Immigration and Customs Enforcement (ICE), a division of the Department of Homeland Security, awards contracts for private immigrant detention facilities. And almost immediately after the Justice Department’s announcement, activists and public officials were demanding that ICE follow its lead and shut them down.

Immigrant rights group Presente wants ICE to “stop paying corporations to lock up immigrants.” The American Civil Liberties Union agrees, as does AFSCME union leader Lee Saunders, and the New York Times editorial board. Senator Bernie Sanders and Representative Raul Grijalva jointly penned a letter to Homeland Security Secretary Jeh Johnson seeking an end to private detention centers. California Senate candidate Kamala Harris has a similar petition. Even Democratic presidential nominee Hillary Clinton has said, “we should end private detention centers.”

While ICE has not responded publicly to this drumbeat—in fact, they’re actively planning to open new private detention centers—this cannot help but have an impact, especially if Clinton wins the White House.

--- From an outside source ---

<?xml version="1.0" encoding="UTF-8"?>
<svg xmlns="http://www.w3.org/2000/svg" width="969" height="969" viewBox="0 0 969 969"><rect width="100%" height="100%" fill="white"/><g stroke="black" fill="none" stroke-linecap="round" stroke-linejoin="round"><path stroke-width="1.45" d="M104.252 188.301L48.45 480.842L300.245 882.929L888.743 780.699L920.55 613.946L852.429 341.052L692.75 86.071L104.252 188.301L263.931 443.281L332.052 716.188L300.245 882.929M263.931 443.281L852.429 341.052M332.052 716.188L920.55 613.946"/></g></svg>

Unlike the DOJ’s closures, losing its detention-center contracts would represent an existential crisis for the industry. Federal contracts comprise between 42 and 44 percent of all CCA and Geo Group revenues. Both companies attributed their strong financial performances last quarter to an increase in immigrant-detention center contracts. Private prison companies benefit from a government mandate to maintain at least 34,000 immigrant detention beds at all times. If this government-fed forced profit withers, the private prison companies will too. And this lesson in the brutal logic of privatization could spark a mass reconsideration of outsourcing what we know of as government to a company trying to make a buck.